From mboxrd@z Thu Jan  1 00:00:00 1970
Return-Path: <linux-kernel-owner@vger.kernel.org>
Received: (majordomo@vger.kernel.org) by vger.kernel.org via listexpand
        id S1751613AbdASJbE (ORCPT <rfc822;w@1wt.eu>);
        Thu, 19 Jan 2017 04:31:04 -0500
Received: from mx2.suse.de ([195.135.220.15]:58939 "EHLO mx2.suse.de"
        rhost-flags-OK-OK-OK-OK) by vger.kernel.org with ESMTP
        id S1751487AbdASJ3p (ORCPT <rfc822;linux-kernel@vger.kernel.org>);
        Thu, 19 Jan 2017 04:29:45 -0500
Date: Thu, 19 Jan 2017 10:29:31 +0100
From: Michal Hocko <mhocko@kernel.org>
To: Aleksa Sarai <asarai@suse.de>
Cc: Andrew Morton <akpm@linux-foundation.org>,
        Oleg Nesterov <oleg@redhat.com>, Kees Cook <keescook@chromium.org>,
        Al Viro <viro@zeniv.linux.org.uk>,
        John Stultz <john.stultz@linaro.org>,
        Mateusz Guzik <mguzik@redhat.com>,
        Janis Danisevskis <jdanis@google.com>, linux-kernel@vger.kernel.org,
        dev@opencontainers.org, containers@lists.linux-foundation.org,
        "Eric W. Biederman" <ebiederm@xmission.com>
Subject: Re: [PATCH] procfs: change the owner of non-dumpable and writeable
 files
Message-ID: <20170119092930.GJ30786@dhcp22.suse.cz>
References: <20170118040159.4751-1-asarai@suse.de>
MIME-Version: 1.0
Content-Type: text/plain; charset=us-ascii
Content-Disposition: inline
In-Reply-To: <20170118040159.4751-1-asarai@suse.de>
User-Agent: Mutt/1.6.0 (2016-04-01)
Sender: linux-kernel-owner@vger.kernel.org
List-ID: <linux-kernel.vger.kernel.org>
X-Mailing-List: linux-kernel@vger.kernel.org

Cc Eric

On Wed 18-01-17 15:01:59, Aleksa Sarai wrote:
> In order to protect against ptrace(2) and similar attacks on container
> runtimes when they join namespaces, many runtimes set mm->dumpable to
> SUID_DUMP_DISABLE. However, doing this means that attempting to set up
> an unprivileged user namespace will fail because an unprivileged process
> can no longer access /proc/self/{setgroups,{uid,gid}_map} for the
> container process (which is the same uid as the runtime process).
> 
> Fix this by changing pid_getattr to *also* change the owner of regular
> files that have a mode of 0644 (when the process is not dumpable).
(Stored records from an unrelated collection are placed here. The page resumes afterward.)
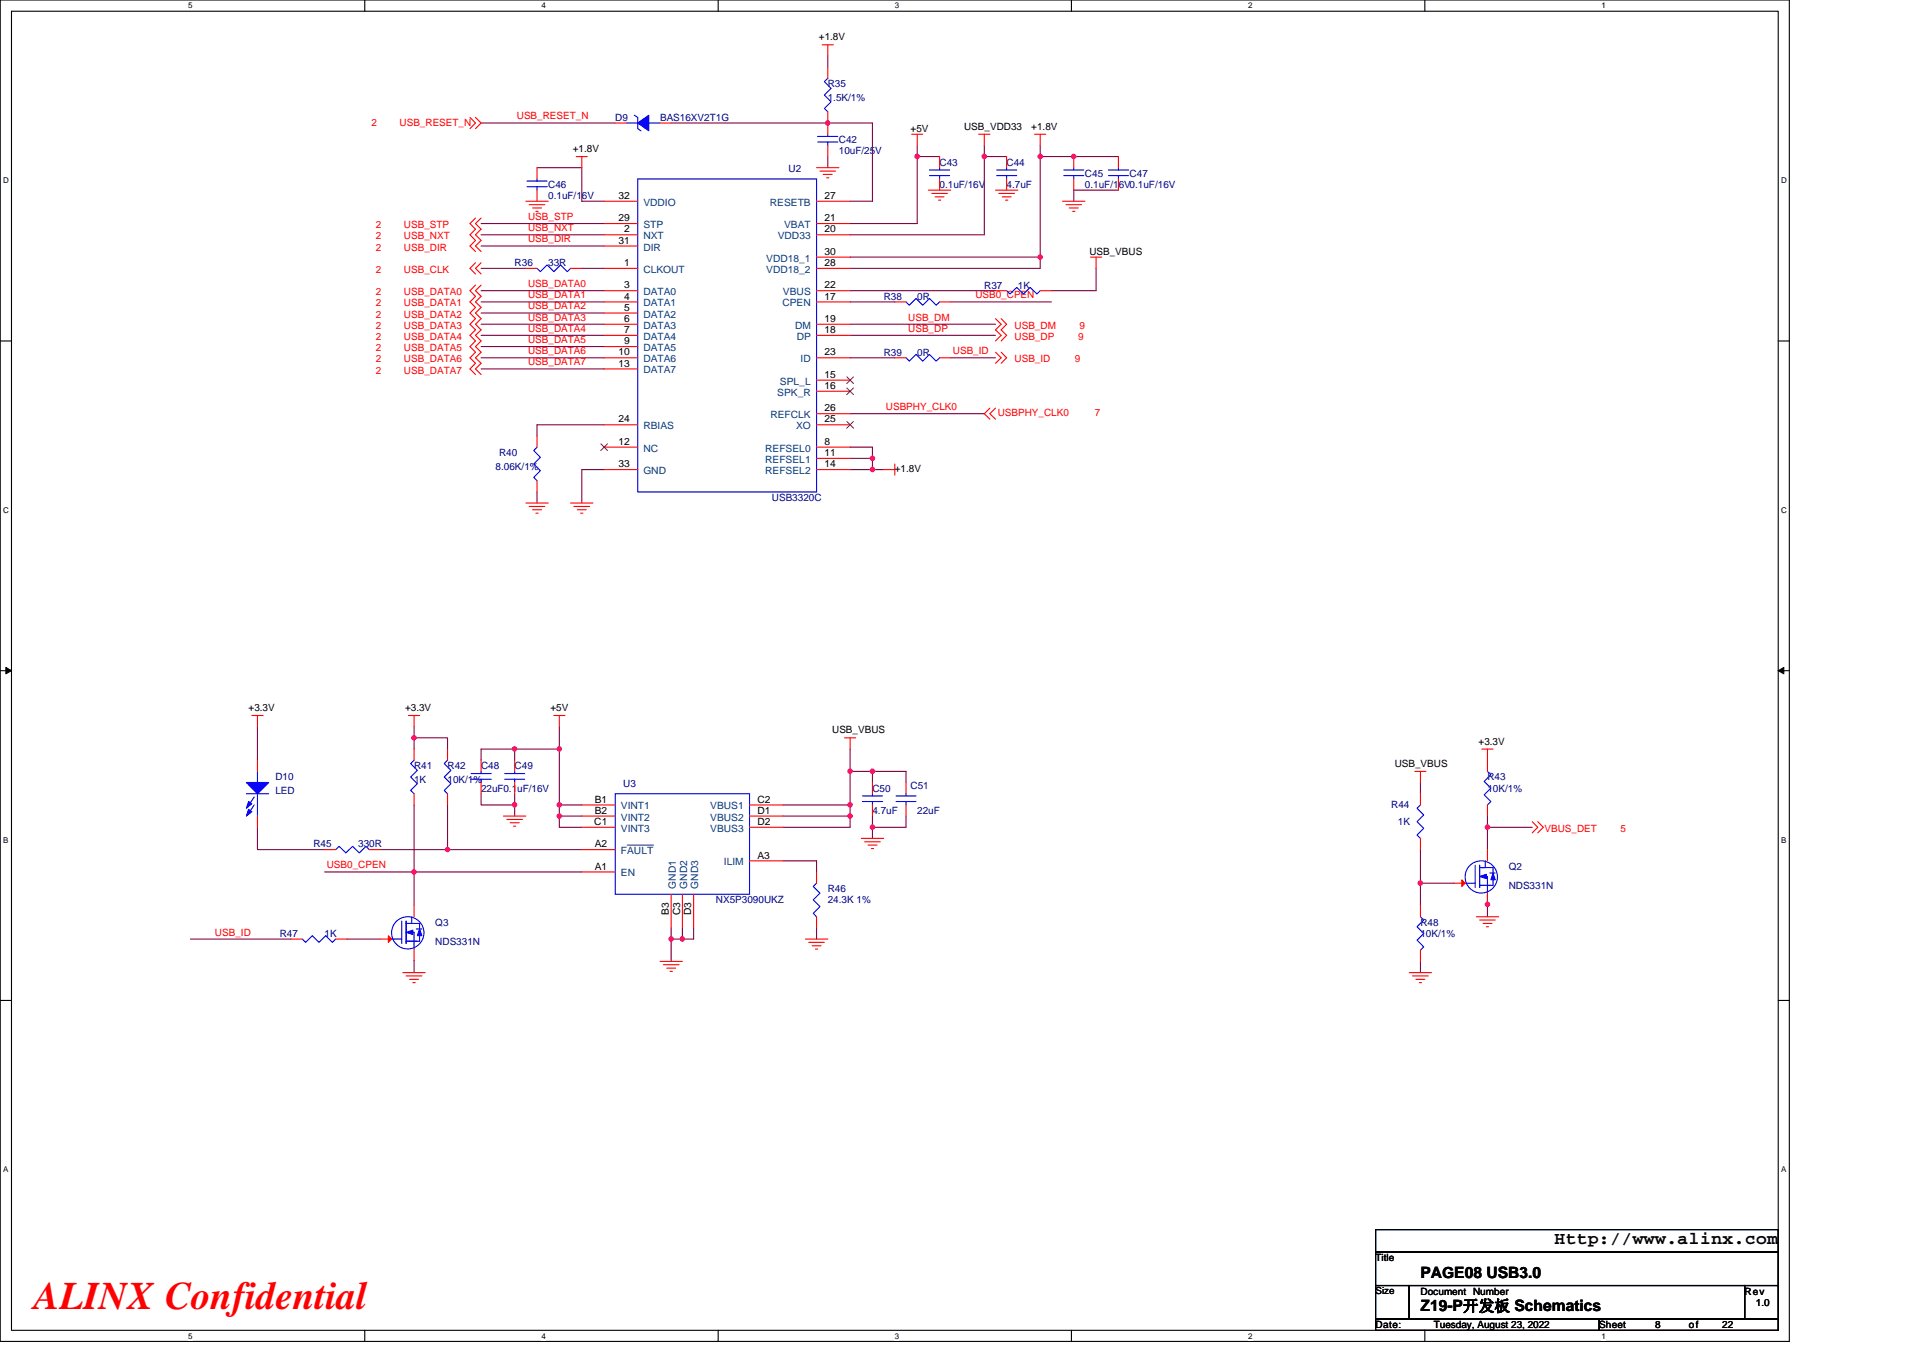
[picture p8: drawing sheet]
<svg xmlns="http://www.w3.org/2000/svg" width="297mm" height="210mm" viewBox="0 0 297 210" stroke-linecap="round" stroke-linejoin="round" font-family="sans-serif">
<path d="M0 0h276.4v207.3h-276.4zM1.8 1.7h272.9v203.8h-272.9z" fill="none" stroke="#000" stroke-width=".17"/>
<g fill="#fff">
<path d="M29.1 .2h.6v1.4h-.6z"/>
<path d="M29.1 205.7h.6v1.4h-.6z"/>
</g>
<path d="M56.3 0v1.7M56.3 205.5v1.8" fill="none" stroke="#000" stroke-width=".17"/>
<g fill="#fff">
<path d="M83.6 .2h.7v1.4h-.7z"/>
<path d="M83.6 205.7h.7v1.4h-.7z"/>
</g>
<path d="M110.9 0v1.7M110.9 205.5v1.8" fill="none" stroke="#000" stroke-width=".17"/>
<g fill="#fff">
<path d="M138.2 .2h.7v1.4h-.7z"/>
<path d="M138.2 205.7h.7v1.4h-.7z"/>
</g>
<path d="M165.5 0v1.7M165.5 205.5v1.8" fill="none" stroke="#000" stroke-width=".17"/>
<g fill="#fff">
<path d="M192.8 .2h.6v1.4h-.6z"/>
<path d="M192.8 205.7h.6v1.4h-.6z"/>
</g>
<path d="M220.1 0v1.7M220.1 205.5v1.8" fill="none" stroke="#000" stroke-width=".17"/>
<g fill="#fff">
<path d="M247.4 .2h.6v1.4h-.6z"/>
<path d="M247.4 205.7h.6v1.4h-.6z"/>
<path d="M.5 27.2h.8v1.4h-.8z"/>
<path d="M275.1 27.2h.9v1.4h-.9z"/>
<path d="M.5 78.1h.8v1.4h-.8z"/>
<path d="M275.1 78.1h.9v1.4h-.9z"/>
</g>
<path d="M0 52.7h1.8M274.7 52.7h1.7" fill="none" stroke="#000" stroke-width=".17"/>
<g fill="#fff">
<path d="M.5 129.1h.8v1.4h-.8z"/>
<path d="M275.1 129.1h.8v1.4h-.8z"/>
</g>
<path d="M0 103.6h1.8M274.7 103.6h1.7" fill="none" stroke="#000" stroke-width=".17"/>
<path d="M.9 103.1l.9 .5-.9 .5zM274.7 103.6l.8-.5v1z" fill="#000" stroke="#000" stroke-width=".15"/>
<g fill="#fff">
<path d="M.5 180h.8v1.4h-.8z"/>
<path d="M275.1 180h.8v1.4h-.8z"/>
</g>
<path d="M0 154.6h1.8M274.7 154.6h1.7M212.5 190h62.2v3.5h-62.2zM212.5 193.5h62.2v5.1h-62.2zM212.5 198.6h5.2v5.2h-5.2zM217.7 198.6h51.8v5.2h-51.8zM269.5 198.6h5.2v5.2h-5.2zM212.5 203.8h34.5v1.7h-34.5zM247 203.8h27.7v1.7h-27.7z" fill="none" stroke="#000" stroke-width=".17"/>
<g fill="none" stroke="#800040" stroke-width=".17">
<path d="M74.3 19h20.7M103.7 19h31.1v12.1h-3.5M127.9 8.6v1.8M74.3 36.3h19M74.3 38h19M74.3 34.5h19M82.9 25.9h7v5.2h3.4M127.9 24.2v1.7M131.3 39.7h29.4M141.7 22.5v1.7h3.4M141.7 24.2v10.3h-10.4M152 22.5v1.7h3.5"/>
<path d="M152 24.2v12.1h-20.7M160.7 22.5v1.7M160.7 24.2v15.5M160.7 24.2h12.1M160.7 39.7v1.8h-29.4M172.8 29.4h-6.9v1.7M74.3 44.9h19M74.3 46.7h19M74.3 48.4h19M74.3 50.1h19M74.3 51.8h19M74.3 53.6h19"/>
<path d="M74.3 55.3h19M74.3 57h19M74.3 41.5h6.9M89.9 41.5h3.4M131.3 46.7h6.9M131.3 55.3h6.9M131.3 44.9h22.5M131.3 51.8h22.5M131.3 50.1h22.5M146.9 46.7h15.5M146.9 55.3h6.9M169.3 41.5v3.4h-6.9"/>
<path d="M82.9 76v1.7M93.3 72.6h-3.4v5.1M93.3 65.6h-10.4v1.8M131.3 70.8h3.5M131.3 69.1h3.5v1.7M131.3 72.6h3.5M131.3 63.9h20.7M134.8 70.8v1.8M134.8 72.6h1.7M39.8 112.3v5.2M64 114h5.1v1.7M64 112.3v1.7"/>
<path d="M64 114v1.7M79.5 115.7h6.9M79.5 115.7h-5.2v1.8M79.5 115.7v1.8M86.4 112.3v3.4M86.4 115.7v8.7h3.5M131.3 119.2h3.5M131.3 115.7v3.5M131.3 119.2v5.2M134.8 119.2v1.7M134.8 119.2h5.2v1.7M39.8 127.8v3.5h10.3"/>
<path d="M50.1 134.7h13.9M58.8 131.3h10.3M64 134.7v5.2M64 124.4v10.3M64 134.7h25.9M69.1 124.4v6.9h20.8M74.3 122.6v1.8h5.2M79.5 122.6v1.8M79.5 124.4v1.7M86.4 124.4v1.7h3.5M86.4 126.1v1.7h3.5M120.9 126.1h10.4"/>
<path d="M120.9 133h5.2v1.7M120.9 124.4h10.4M131.3 124.4v1.7M131.3 126.1v1.7h-10.4M134.8 126.1v1.7M134.8 127.8v1.7M140 126.1v1.7h-5.2M219.4 131.3v5.2M219.4 120.9v1.7M219.4 136.5v3.4M219.4 136.5h5.2M229.8 127.8h6.9"/>
<path d="M229.8 138.2v3.4M229.8 126.1v1.7M229.8 127.8v3.5M29.4 145.1h15.6M53.6 145.1h5.2M64 148.4v1.9M103.7 143.4v1.7M103.7 145.1v3.4M103.7 145.1h1.7M105.4 143.4v1.7M107.1 143.4v1.7h-1.7M126.1 143.4v1.7"/>
<path d="M219.4 148.5v1.8"/>
</g>
<g fill="#f0f" stroke="#f0f" stroke-width=".17">
<circle cx="141.7" cy="24.2" r=".34"/>
<circle cx="134.8" cy="70.8" r=".33"/>
<circle cx="160.7" cy="39.7" r=".34"/>
<circle cx="160.7" cy="24.2" r=".34"/>
<circle cx="152" cy="24.2" r=".34"/>
<circle cx="127.8" cy="19" r=".33"/>
<circle cx="165.8" cy="24.2" r=".34"/>
<circle cx="134.8" cy="72.5" r=".34"/>
<circle cx="105.4" cy="145.1" r=".34"/>
<circle cx="103.7" cy="145.1" r=".34"/>
<circle cx="219.4" cy="136.4" r=".34"/>
<circle cx="229.8" cy="139.7" r=".33"/>
<circle cx="229.8" cy="127.8" r=".34"/>
<circle cx="86.4" cy="124.4" r=".34"/>
<circle cx="86.4" cy="115.7" r=".34"/>
<circle cx="79.5" cy="115.7" r=".34"/>
<circle cx="86.4" cy="126.1" r=".34"/>
<circle cx="79.5" cy="124.4" r=".34"/>
<circle cx="131.3" cy="124.4" r=".34"/>
<circle cx="131.3" cy="119.2" r=".34"/>
<circle cx="131.3" cy="126.1" r=".34"/>
<circle cx="134.8" cy="119.2" r=".34"/>
<circle cx="134.8" cy="127.8" r=".34"/>
<circle cx="63.9" cy="134.7" r=".34"/>
<circle cx="69.1" cy="131.3" r=".33"/>
<circle cx="63.9" cy="114" r=".33"/>
</g>
<g fill="none" stroke="#f00" stroke-width=".17">
<path d="M72.6 18.1l.8 .9-.8 .9M73.4 18.1l.9 .9-.9 .9M95 19h1.8M102 19h1.7M127 6.9h1.7M127.9 6.9v1.7M127.9 17.3v3.4M127.9 10.4v1.7M73.4 33.7l-.8 .8 .8 .9-.8 .9 .8 .8-.8 .9 .8 .9M74.3 33.7l-.9 .8 .9 .9-.9 .9 .9 .8-.9 .9 .9 .9M81.2 31.1h3.5M81.7 31.6h2.5"/>
<path d="M82.3 32.1h1.3M82.8 32.7h.3M82.9 25.9v1.7M82.9 29.4v1.7M89 24.2h1.7M89.9 24.2v1.7M93.3 38h5.2M93.3 36.3h5.2M93.3 34.5h5.2M93.3 31.1h5.2M126.1 25.9h3.5M126.1 31.1h5.2"/>
<path d="M126.1 34.5h5.2M126.1 36.3h5.2M126.1 39.7h5.2M126.7 26.4h2.4M127.2 26.9h1.3M127.7 27.5h.3M127.9 22.5v1.7M140.8 20.7h1.7M141.7 20.7v1.8M143.4 29.4h3.5M143.9 29.9h2.4M144.4 30.4h1.4"/>
<path d="M145 30.9h.3M145.1 24.2v1.7M145.1 27.6v1.8M151.2 20.7h1.7M152 20.7v1.8M153.8 29.4h3.4M154.3 29.9h2.4M154.8 30.4h1.4M155.3 30.9h.4M155.5 24.2v1.7M155.5 27.6v1.8M159.8 20.7h1.7"/>
<path d="M160.7 20.7v1.8M164.1 31.1h3.5M164.7 31.6h2.4M165.2 32.1h1.4M165.7 32.7h.3M165.9 24.2v1.7M165.9 27.6v1.8M168.4 39.7h1.8M169.3 39.7v1.8M172.8 24.2v1.7M172.8 27.6v1.8M73.4 40.6l-.8 .9 .8 .8"/>
<path d="M73.4 44l-.8 .9 .8 .9-.8 .9 .8 .8-.8 .9 .8 .8-.8 .9 .8 .9-.8 .8 .8 .9-.8 .9 .8 .8-.8 .9 .8 .8-.8 .9 .8 .9M74.3 40.6l-.9 .9 .9 .8M74.3 44l-.9 .9 .9 .9-.9 .9 .9 .8-.9 .9 .9 .8-.9 .9 .9 .9-.9 .8 .9 .9-.9 .9 .9 .8-.9 .9 .9 .8-.9 .9 .9 .9M81.2 41.5h1.7M88.1 41.5h1.8M93.3 41.5h5.2M93.3 44.9h5.2M93.3 46.7h5.2M93.3 48.4h5.2M93.3 50.1h5.2M93.3 51.8h5.2M93.3 53.6h5.2"/>
<path d="M93.3 55.3h5.2M93.3 57h5.2M126.1 41.5h5.2M126.1 46.7h5.2M126.1 44.9h5.2M126.1 55.3h5.2M126.1 51.8h5.2M126.1 50.1h5.2M126.1 58.7h5.2M138.2 55.3h1.8M138.2 46.7h1.8M145.1 55.3h1.8"/>
<path d="M145.1 46.7h1.8M153.8 44.9h1.7M153.8 49.2l.8 .9-.8 .9 .8 .8-.8 .9M153.8 54.4l.8 .9-.8 .8M154.6 49.2l.9 .9-.9 .9 .9 .8-.9 .9M154.6 54.4l.9 .9-.9 .8M160.7 44.9h1.7M81.2 77.7h3.5M81.7 78.3h2.5M82.3 78.8h1.3M82.8 79.3h.3M82.9 74.3v1.7"/>
<path d="M82.9 67.4v1.7M88.1 77.7h3.5M88.6 78.3h2.5M89.2 78.8h1.3M89.7 79.3h.3M93.3 72.6h5.2M93.3 69.1h5.2M93.3 65.6h5.2M126.1 70.8h5.2M126.1 72.6h5.2M126.1 63.9h5.2M126.1 69.1h5.2"/>
<path d="M126.1 60.5h5.2M126.1 65.6h5.2M136.5 72.6h1.7M138.2 71.7v1.7M152.9 63.1l-.9 .8 .9 .9M153.8 63.1l-.9 .8 .9 .9M38.9 110.6h1.7M39.8 110.6v1.7M39.8 117.5v1.7M63.1 110.6h1.7M64 110.6v1.7M64 115.7v1.8"/>
<path d="M69.1 115.7v1.8M74.3 117.5v1.7M79.5 117.5v1.7M85.6 110.6h1.7M86.4 110.6v1.7M130.4 114h1.8M131.3 114v1.7M218.5 119.2h1.8M219.4 119.2v1.7M228.9 115.7h1.7M229.8 115.7v3.5M39.8 126.1v1.7"/>
<path d="M50.1 131.3h1.8M57 131.3h1.8M64 139.9v1.7M64 122.6v1.8M69.1 122.6v1.8M74.3 120.9v1.7M77.8 126.1h3.4M78.3 126.6h2.4M78.8 127.1h1.4M79.3 127.7h.4M79.5 120.9v1.7M89.9 124.4h5.1"/>
<path d="M89.9 126.1h5.1M89.9 127.8h5.1M89.9 131.3h5.1M89.9 134.7h5.1M103.7 138.2v5.2M105.4 138.2v5.2M107.1 138.2v5.2M115.8 133h5.1M115.8 127.8h5.1M115.8 126.1h5.1M115.8 124.4h5.1M126.1 134.7v1.8"/>
<path d="M133.1 129.5h3.4M133.6 130.1h2.4M134.1 130.6h1.4M134.6 131.1h.3M134.8 120.9v1.7M134.8 124.4v1.7M140 120.9v1.7M140 124.4v1.7M219.4 122.6v1.8M219.4 129.5v1.8M219.4 139.9v1.7M224.6 136.5h1.7"/>
<path d="M229.8 138v1.7M229.8 131.3v1.7M229.8 124.4v1.7M236.7 127l.8 .8-.8 .9M237.5 127l.9 .8-.9 .9M45 145.1h1.7M51.9 145.1h1.7M58.8 145.1h1.7M62.2 150.3h3.5M62.7 150.8h2.5M63.3 151.3h1.3M63.8 151.8h.3"/>
<path d="M64 146.6v1.8M102 148.5h3.4M102.5 149.1h2.4M103 149.6h1.4M103.5 150.1h.4M124.4 145.1h3.5M124.9 145.6h2.4M125.5 146.1h1.3M126 146.6h.3M126.1 141.6v1.8M217.7 150.3h3.4M218.2 150.8h2.4"/>
<path d="M218.7 151.3h1.4M219.2 151.8h.4M219.4 146.8v1.7M228 141.6h3.5M228.6 142.2h2.4M229.1 142.7h1.4M229.6 143.2h.3"/>
</g>
<g fill="none" stroke="#00f" stroke-width=".17">
<path d="M96.8 19h1.7M98 17.8l.5 .3v1.8l.5 .3M100.2 19h1.8M127.9 12.1l-.6 .5 1.1 1.1-1.1 1 1.1 1-1.1 1.1 .6 .5M81.4 28.9h3.1M81.4 28h3.1M82.9 27.6v.4M82.9 28.9v.5M98.5 27.6h27.6v48.4h-27.6zM126.3 21.9h3.1M126.3 21.1h3.1M127.9 20.7v.4"/>
<path d="M127.9 21.9v.6M143.6 27.1h3.1M143.6 26.3h3.1M145.1 25.9v.4M145.1 27.1v.5M153.9 27.1h3.2M153.9 26.3h3.2M155.5 25.9v.4M155.5 27.1v.5M164.3 27.1h3.1M164.3 26.3h3.1M165.9 25.9v.4"/>
<path d="M165.9 27.1v.5M171.2 27.1h3.1M171.2 26.3h3.1M172.8 25.9v.4M172.8 27.1v.5M82.9 41.5l.6 .5 1-1.1 1.1 1.1 1-1.1 1 1.1 .5-.5M140 55.3l.5 .5 1-1 1 1 1.1-1 1 1 .5-.5M140 46.7l.5 .5 1-1.1 1 1.1 1.1-1.1 1 1.1 .5-.5M155.5 44.9l.5 .5 1.1-1 1 1 1-1 1.1 1 .5-.5M82.9 69.1l-.5 .5 1.1 1.1-1.1 1 1.1 1-1.1 1.1 .5 .5M39.8 119.2v1.7M64 117.5l-.6 .5 1.1 1-1.1 1.1 1.1 1-1.1 1 .6 .5"/>
<path d="M69.1 117.5l-.5 .5 1.1 1-1.1 1.1 1.1 1-1.1 1 .5 .5M72.8 119.5h3.1M74.3 119.2v.3M78 119.5h3M79.5 119.2v.3M229.8 119.2l.5 .5-1 1 1 1.1-1 1 1 1-.5 .6M38.1 122.6h3.4M39.3 123.1l-1.1 1.6M39.3 124.4l-1.1 1.5M39.8 122.6v3.5M51.9 131.3l.5-.5 1 1 1.1-1 1 1 1-1 .5 .5M72.8 120.4h3.1"/>
<path d="M74.3 120.4v.5M78 120.4h3M79.5 120.4v.5M95 122.6h20.8v15.6h-20.8zM126.1 136.5l-.5 .5 1.1 1-1.1 1 1.1 1.1-1.1 1 .5 .5M133.2 123.8h3.1M133.2 123h3.1M134.8 122.6v.4M134.8 123.8v.6M138.4 123.8h3.1M138.4 123h3.1M140 122.6v.4"/>
<path d="M140 123.8v.6M219.4 124.4l-.5 .5 1 1-1 1.1 1 1-1 1 .5 .5M226.3 136.5h1.6M227.9 133.7v3.4M228.6 133.7v3.4M228.7 136.8h1.6M228.7 134h1.9v1.1M229.4 135.4h.4v2.6M229.4 133v1h-.8M230.1 134.9h.9M230.6 135.9v.9h-2M46.7 145.1l.5 .5 1-1 1.1 1 1-1 1 1 .6-.5"/>
<path d="M60.5 145.1h1.6M62.1 142.3v3.5M62.7 142.3v3.5M62.9 142.7h1.9v1M62.9 145.4h1.6M63.6 144.1h.4v2.5M63.6 141.6v1.1h-.9M64.3 143.5h.9M64.8 144.6v.8h-2.1M219.4 141.6l.5 .6-1 1 1 1-1 1.1 1 1-.5 .5"/>
<circle cx="228.8" cy="135.5" r="2.5"/>
<circle cx="63" cy="144.1" r="2.5"/>
</g>
<g fill="#00f" stroke="#00f" stroke-width=".17">
<path d="M228.6 135.4l1-.3v.7z" fill-rule="evenodd"/>
<path d="M230.6 134.9l.4 1h-.7z" fill-rule="evenodd"/>
<path d="M98.5 19l1.7-1.2v2.4z" fill-rule="evenodd"/>
<path d="M38.1 120.9h3.4l-1.7 1.7z" fill-rule="evenodd"/>
<path d="M38.4 123.8l.5 .4-.8 .7z" fill-rule="evenodd"/>
<path d="M38.4 125.1l.5 .3-.8 .7z" fill-rule="evenodd"/>
<path d="M62.7 144.1l1.1-.4v.7z" fill-rule="evenodd"/>
<path d="M64.8 143.5l.4 1.1h-.7z" fill-rule="evenodd"/>
</g>
<g fill="#f00" stroke="#f00" stroke-width=".17">
<path d="M225.8 136l.5 .5-.5 .5z"/>
<path d="M60 144.6l.5 .5-.5 .5z"/>
</g>
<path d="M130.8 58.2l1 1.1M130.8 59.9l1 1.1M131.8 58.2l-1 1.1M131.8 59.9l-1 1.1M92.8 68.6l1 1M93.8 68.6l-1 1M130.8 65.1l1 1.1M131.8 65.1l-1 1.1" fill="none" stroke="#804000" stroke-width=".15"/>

This
> ensures that the important /proc/[pid]/... files mentioned above are
> properly accessible by a container runtime in a rootless container
> context.
> 
> The most blantant issue is that a non-dumpable process in a rootless
> container context is unable to open /proc/self/setgroups, because it
> doesn't own the file.
> 
> int main(void)
> {
> 	prctl(PR_SET_DUMPABLE, 0, 0, 0, 0);
> 	unshare(CLONE_NEWUSER);
> 
> 	/* This will fail. */
> 	int fd = open("/proc/self/setgroups", O_WRONLY);
> 	if (fd < 0)
> 		abort();
> 
> 	return 0;
> }

I do agree that failing to open anything in /proc/self/ is more than
unexepcted! I cannot judge the patch but my gut feeling tells me that
the fix should be somewhere in the open handler.

One nit below

> 
> Cc: dev@opencontainers.org
> Cc: containers@lists.linux-foundation.org
> Signed-off-by: Aleksa Sarai <asarai@suse.de>
> ---
>  fs/proc/base.c | 6 ++++--
>  1 file changed, 4 insertions(+), 2 deletions(-)
> 
> diff --git a/fs/proc/base.c b/fs/proc/base.c
> index ca651ac00660..ebabb12f4536 100644
> --- a/fs/proc/base.c
> +++ b/fs/proc/base.c
> @@ -1729,6 +1729,7 @@ int pid_getattr(struct vfsmount *mnt, struct dentry *dentry, struct kstat *stat)
>  			return -ENOENT;
>  		}
>  		if ((inode->i_mode == (S_IFDIR|S_IRUGO|S_IXUGO)) ||
> +		    (inode->i_mode == (S_IFREG|S_IRUGO|S_IWUSR)) ||
>  		    task_dumpable(task)) {
>  			cred = __task_cred(task);
>  			stat->uid = cred->euid;
> @@ -1770,6 +1771,7 @@ int pid_revalidate(struct dentry *dentry, unsigned int flags)
>  
>  	if (task) {
>  		if ((inode->i_mode == (S_IFDIR|S_IRUGO|S_IXUGO)) ||
> +		    (inode->i_mode == (S_IFREG|S_IRUGO|S_IWUSR)) ||
>  		    task_dumpable(task)) {
>  			rcu_read_lock();
>  			cred = __task_cred(task);
> @@ -2394,7 +2396,7 @@ static int proc_pident_instantiate(struct inode *dir,
>  	return -ENOENT;
>  }
>  
> -static struct dentry *proc_pident_lookup(struct inode *dir, 
> +static struct dentry *proc_pident_lookup(struct inode *dir,
>  					 struct dentry *dentry,
>  					 const struct pid_entry *ents,
>  					 unsigned int nents)
> @@ -2536,7 +2538,7 @@ static const struct pid_entry attr_dir_stuff[] = {
>  
>  static int proc_attr_dir_readdir(struct file *file, struct dir_context *ctx)
>  {
> -	return proc_pident_readdir(file, ctx, 
> +	return proc_pident_readdir(file, ctx,
>  				   attr_dir_stuff, ARRAY_SIZE(attr_dir_stuff));
>  }

this two are just whitespace noise

-- 
Michal Hocko
SUSE Labs